My siblings and I work together, organizing, chatting, and exchanging ideas for escape.

I’m freaked out about our situation and tired from travelling, but I’m also a bit thrilled; it’s as if I’ve discovered my people.

Now and then, we take breaks and look for trapdoors or hidden ways out.

We stash more weapons around the place but always go back to the work.

I tell myself that I should just group the tall ledgers in any random order, because who really cares?

But sadly, I do. I know there’s an order.

I flip them open, one after another, comparing and contrasting. Soon, an idea takes shape—not based on content but on something else. An instinct.

I start with the symbols on the first pages—sharp little geometric spirals and interlocking shapes. I group them into families. Then I reorder within each group by vibe, which is a combination of margin notes, ink color, and the feeling I get from looking at the page with my eyes unfocused.

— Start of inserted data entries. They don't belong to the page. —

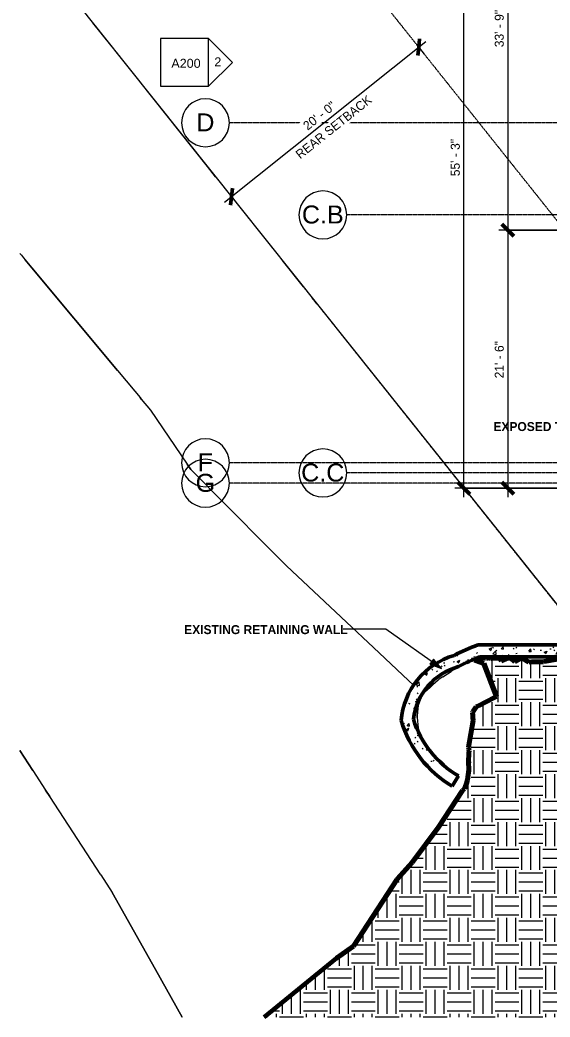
# Model space of a CAD drawing. Header units: inches. Extents: x -4133 to -1227, y 10223 to 12054.
# Drawn here: x -4124 to -3593, y 10266 to 11264 of the extents above; entities that cross this region are included whole.
import ezdxf

# ---------------------------------------------------------------- set-up
doc = ezdxf.new("R2010")
doc.units = ezdxf.units.IN
doc.header["$MEASUREMENT"] = 0
doc.linetypes.add('Double Dash 3_8_', pattern=[1, 0.375, -0.125, 0.125, -0.125, 0.125, -0.125])
doc.linetypes.add('Grid Line 1_2_', pattern=[0.875, 0.5, -0.125, 0.125, -0.125])
for name, color, linetype, lineweight in [('A-ANNO-DIMS', 211, 'Continuous', 9), ('A-ANNO-DIMS-96', 211, 'Continuous', 9), ('A-WALL-PATT', 111, 'Continuous', 20), ('C-BLDG-PADS', 91, 'Continuous', 13), ('C-PROP-LINE', 91, 'Double Dash 3_8_', 20), ('C-TOPO', 7, 'Continuous', 9), ('G-ANNO-SYMB', 111, 'Continuous', 9), ('G-ANNO-TEXT', 231, 'Continuous', 9), ('S-FNDN', 32, 'Continuous', 13), ('S-GRID', 1, 'Continuous', 9), ('S-GRID-IDEN', 1, 'Continuous', 9)]:
    doc.layers.add(name, color=color, linetype=linetype, lineweight=lineweight)
doc.styles.add('Arial', font='arial.ttf', dxfattribs={"height": 18})
doc.styles.add('Arial_1', font='arial.ttf', dxfattribs={"height": 9})
doc.styles.add('Century Gothic_1', font='ufonts.com_century-gothic.ttf', dxfattribs={"height": 9})
doc.styles.add('Century Gothic_B', font='GOTHICB.TTF', dxfattribs={"height": 9})
doc.dimstyles.new('OD__1__Tol__', dxfattribs={"dimscale": 12, "dimtxt": 9.397514, "dimasz": 1, "dimexe": 0.75, "dimexo": 0.5, "dimgap": 0.125, "dimtad": 1, "dimdec": 0, "dimzin": 3, "dimdsep": 46, "dimlunit": 4, "dimtxsty": 'Century Gothic_1', "dimblk1": 'OBLIQUE', "dimblk2": 'OBLIQUE', "dimsah": 1, "dimcen": 0.09, "dimdle": 0.75, "dimazin": 0, "dimtfac": 1, "dimtdec": 4, "dimtix": 1, "dimtmove": 0, "dimatfit": 3, "dimfxl": 1, "dimtvp": 1, "dimtfill": 1, "dimfrac": 2, "dimtolj": 1, "dimtzin": 0, "dimarcsym": 2})
pattern_1 = [(50, (0, 0), (27.5427, -2.40992), [2.88, -31.68]), (355, (0, 0), (-5.327844, 28.884266), [2.304, -25.344]), (100.451, (2.295, -0.2), (22.215316, 26.47393), [2.448, -26.924]), (46.184, (0, 7.68), (40.98187, -6.35642), [4.32, -47.52]), (96.636, (3.415, 7.15), (35.89075, 37.40619), [3.671, -40.386]), (351.184, (0, 7.68), (35.89097, 37.40622), [3.456, -38.016]), (21, (3.84, 5.76), (22.921036, -15.46073), [2.88, -31.68]), (326, (3.84, 5.76), (9.34353, 27.84574), [2.304, -25.344]), (71.451, (5.75, 4.472), (32.26477, 12.38442), [2.448, -26.924]), (37.5, (0, 0), (0.466855, 12.782707), [1.267, -23.77, 1.267, -24.461, -25.44]), (37.5, (0, 0), (0.466855, 12.782707), [-50.765, 1.267, -24.173]), (7.5, (0, 0), (10.10159, 15.14509), [1.267, -13.402, 1.267, -23.194, -9.696]), (7.5, (0, 0), (10.10159, 15.14509), [-39.13, 1.267, -8.429]), (327.5, (-8.563, 0), (20.499161, -0.86578), [1.267, -8.333, 1.267, -28.685, -39.744]), (327.5, (-8.563, 0), (20.499161, -0.86578), [-39.552, 1.267, -38.477]), (317.5, (-12.403, 0), (22.39478, 3.844288), [1.267, -11.213, 1.267, -18.624, -28.224]), (317.5, (-12.403, 0), (22.39478, 3.844288), [-32.371, 1.267, -26.957])]
pattern_2 = [(0, (0, 0), (24, 24), [24, -24]), (0, (0, 9), (24, 24), [24, -24]), (0, (0, 18), (24, 24), [24, -24]), (90, (3, 21), (-24, 24), [24, -24]), (90, (12, 21), (-24, 24), [24, -24]), (90, (21, 21), (-24, 24), [24, -24])]

# ---------------------------------------------------------------- blocks, each defined once
blk = doc.blocks.new('Family - ___-1416994-FLOOR PLAN - 1ST FLOOR PLAN')
at = {"layer": 'C-PROP-LINE'}
blk.add_line((-4124.15, 11353.16), (-3256.42, 10265.73), dxfattribs=at)
blk = doc.blocks.new('Family - ___-1442676-FLOOR PLAN - 1ST FLOOR PLAN')
at = {"layer": 'C-PROP-LINE'}
blk.add_line((-4124.15, 11737.95), (-2969.59, 10291.07), dxfattribs=at)
blk = doc.blocks.new('Grid - Grid Head - Circle-50561-FLOOR PLAN - 1ST FLOOR PLAN')
at = {"layer": 'S-GRID-IDEN'}
for start, end in [(360, 180), (180, 360)]:
    blk.add_arc((0, 0), 0.25, start, end, dxfattribs=at)
blk = doc.blocks.new('Elevation - Detail Number-151647-FLOOR PLAN - 1ST FLOOR PLAN')
at = {"layer": 'G-ANNO-SYMB'}
for p, q in [((0.25, 0.25), (-0.25, 0.25)), ((-0.25, 0.25), (-0.25, -0.25)), ((0.25, -0.25), (0.25, 0.25)), ((-0.25, -0.25), (0.25, -0.25))]:
    blk.add_line(p, q, dxfattribs=at)
blk = doc.blocks.new('Elevation - Detail Number-151370-FLOOR PLAN - 1ST FLOOR PLAN')
at = {"layer": 'G-ANNO-SYMB'}
for p, q in [((0, 0.25), (-0.25, 0)), ((0.25, 0), (0, 0.25)), ((-0.25, 0), (0.25, 0))]:
    blk.add_line(p, q, dxfattribs=at)
blk = doc.blocks.new('DIMBLOCK24-FLOOR PLAN - 1ST FLOOR PLAN')
at = {"layer": 'A-ANNO-DIMS-96', "lineweight": 50}
for p, q in [((-3724.45, 11237.05), (-3723.5, 11245.48)), ((-3724.45, 11237.05), (-3725.4, 11228.62)), ((-3912.04, 11087.36), (-3911.1, 11095.79)), ((-3912.04, 11087.36), (-3912.99, 11078.93))]:
    blk.add_line(p, q, dxfattribs=at)
at = {"layer": 'A-ANNO-DIMS-96'}
for p, q in [((-3919.08, 11081.74), (-3717.41, 11242.67)), ((-3726, 11238.99), (-3718.84, 11230.02)), ((-3724.45, 11237.05), (-3726, 11238.99)), ((-3913.59, 11089.3), (-3906.43, 11080.32)), ((-3912.04, 11087.36), (-3913.59, 11089.3))]:
    blk.add_line(p, q, dxfattribs=at)
at = {"layer": 'A-ANNO-DIMS-96', "color": 0, "insert": (-3848.87, 11131.71), "char_height": 9, "width": 103.1042, "attachment_point": 1, "rotation": 38.58861, "line_spacing_factor": 0.984502, "style": 'Century Gothic_1', "bg_fill": 3, "box_fill_scale": 1.25, "bg_fill_color": 256, "bg_fill_true_color": 13158600, "bg_fill_transparency": 0}
blk.add_mtext('REAR SETBACK', dxfattribs=at)
at = {"layer": 'A-ANNO-DIMS-96', "color": 0, "insert": (-3841.42, 11160.39), "char_height": 9, "width": 46.1821, "attachment_point": 1, "rotation": 38.58861, "line_spacing_factor": 0.984502, "style": 'Century Gothic_1', "bg_fill": 3, "box_fill_scale": 1.25, "bg_fill_color": 256, "bg_fill_true_color": 13158600, "bg_fill_transparency": 0}
blk.add_mtext('20\' - 0"', dxfattribs=at)
blk = doc.blocks.new('_Oblique')
at = {"color": 0, "linetype": 'ByBlock', "lineweight": -2}
blk.add_line((-0.5, -0.5), (0.5, 0.5), dxfattribs=at)
blk = doc.blocks.new('DIMBLOCK30-FLOOR PLAN - 1ST FLOOR PLAN')
at = {"layer": 'A-ANNO-DIMS-96', "lineweight": 50}
for p, q in [((-3635.2, 11458.77), (-3641.2, 11464.77)), ((-3635.2, 11458.77), (-3629.2, 11452.77)), ((-3635.2, 11053.9), (-3641.2, 11059.9)), ((-3635.2, 11053.9), (-3629.2, 11047.9))]:
    blk.add_line(p, q, dxfattribs=at)
at = {"layer": 'A-ANNO-DIMS-96'}
for p, q in [((-3635.2, 11467.77), (-3635.2, 11053.9)), ((-3583.83, 11458.77), (-3644.2, 11458.77)), ((-3635.2, 11458.77), (-3583.83, 11458.77)), ((-3583.83, 11053.9), (-3644.2, 11053.9)), ((-3635.2, 11053.9), (-3583.83, 11053.9))]:
    blk.add_line(p, q, dxfattribs=at)
at = {"layer": 'A-ANNO-DIMS-96', "color": 0, "insert": (-3648.24, 11237.09), "char_height": 9, "width": 46.1821, "attachment_point": 1, "rotation": 90, "line_spacing_factor": 0.984502, "style": 'Century Gothic_1', "bg_fill": 3, "box_fill_scale": 1.25, "bg_fill_color": 256, "bg_fill_true_color": 13158600, "bg_fill_transparency": 0}
blk.add_mtext('33\' - 9"', dxfattribs=at)
blk = doc.blocks.new('DIMBLOCK31-FLOOR PLAN - 1ST FLOOR PLAN')
at = {"layer": 'A-ANNO-DIMS-96', "lineweight": 50}
for p, q in [((-3635.2, 11053.9), (-3641.2, 11059.9)), ((-3635.2, 11053.9), (-3629.2, 11047.9)), ((-3635.2, 10795.46), (-3641.2, 10801.46)), ((-3635.2, 10795.46), (-3629.2, 10789.46))]:
    blk.add_line(p, q, dxfattribs=at)
at = {"layer": 'A-ANNO-DIMS-96'}
for p, q in [((-3583.83, 11053.9), (-3644.2, 11053.9)), ((-3635.2, 11053.9), (-3635.2, 10786.46)), ((-3635.2, 11053.9), (-3583.83, 11053.9)), ((-3374.2, 10795.46), (-3644.2, 10795.46)), ((-3635.2, 10795.46), (-3374.2, 10795.46))]:
    blk.add_line(p, q, dxfattribs=at)
at = {"layer": 'A-ANNO-DIMS-96', "color": 0, "insert": (-3648.24, 10905.43), "char_height": 9, "width": 46.1821, "attachment_point": 1, "rotation": 90, "line_spacing_factor": 0.984502, "style": 'Century Gothic_1', "bg_fill": 3, "box_fill_scale": 1.25, "bg_fill_color": 256, "bg_fill_true_color": 13158600, "bg_fill_transparency": 0}
blk.add_mtext('21\' - 6"', dxfattribs=at)
blk = doc.blocks.new('DIMBLOCK35-FLOOR PLAN - 1ST FLOOR PLAN')
at = {"layer": 'A-ANNO-DIMS-96', "lineweight": 50}
for p, q in [((-3679.27, 11458.77), (-3685.27, 11464.77)), ((-3679.27, 11458.77), (-3673.27, 11452.77)), ((-3679.27, 10795.46), (-3685.27, 10801.46)), ((-3679.27, 10795.46), (-3673.27, 10789.46))]:
    blk.add_line(p, q, dxfattribs=at)
at = {"layer": 'A-ANNO-DIMS-96'}
for p, q in [((-3679.27, 10786.46), (-3679.27, 11467.77)), ((-3583.83, 11458.77), (-3688.27, 11458.77)), ((-3679.27, 11458.77), (-3583.83, 11458.77)), ((-3374.2, 10795.46), (-3688.27, 10795.46)), ((-3679.27, 10795.46), (-3374.2, 10795.46))]:
    blk.add_line(p, q, dxfattribs=at)
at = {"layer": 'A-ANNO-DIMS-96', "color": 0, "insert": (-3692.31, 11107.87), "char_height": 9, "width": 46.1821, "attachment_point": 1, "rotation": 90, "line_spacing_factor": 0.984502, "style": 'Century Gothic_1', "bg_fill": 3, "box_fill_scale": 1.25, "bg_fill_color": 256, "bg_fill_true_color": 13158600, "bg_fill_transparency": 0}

It’s not like me to be so woo-woo, but it feels right. Like I’m singing along with a distant song.

At some point, a meatball noodle dish is delivered through the slot.

I don’t notice at first.

“Hey! Earth to Harriet!” Magda says.

I look up.

“Sorry.”

We eat dinner together at the little table under a tapestry depicting a disturbing hunt of some sort, and then we go back to work.

A few hours later, I’m standing in front of my part of the bookcases, admiring my handiwork. I don’t know what the things mean, but they’re organized. “Done!”

“You devised an order?” Magda asks.

“Yup!”

Stefan wanders over to the rows of tall ledgers. He pulls one out. Then another. “Help me understand. How did you decide which goes first? Can you walk me through it?”

I blink. “Umm... not really.”

He puts the ledger back. “Well, as long as it’s intentional.”

Irina agrees quickly—too quickly.

Magda smiles brightly. “You did it!”

They’re humoring me. Oh my god, I haven’t even been here a full day—what is happening to me?

I assist Stefan with his more conventional task of book organization, eager to show him that I’m still a normal-thinking person. We work side by side, mostly in silence, though we do exchange horror stories about disorganized friends.

It’s around nightfall that we hear the creak of ancient hinges.

I stiffen and turn toward a set of massive doors on the far wall. They swing open with theatrical slowness.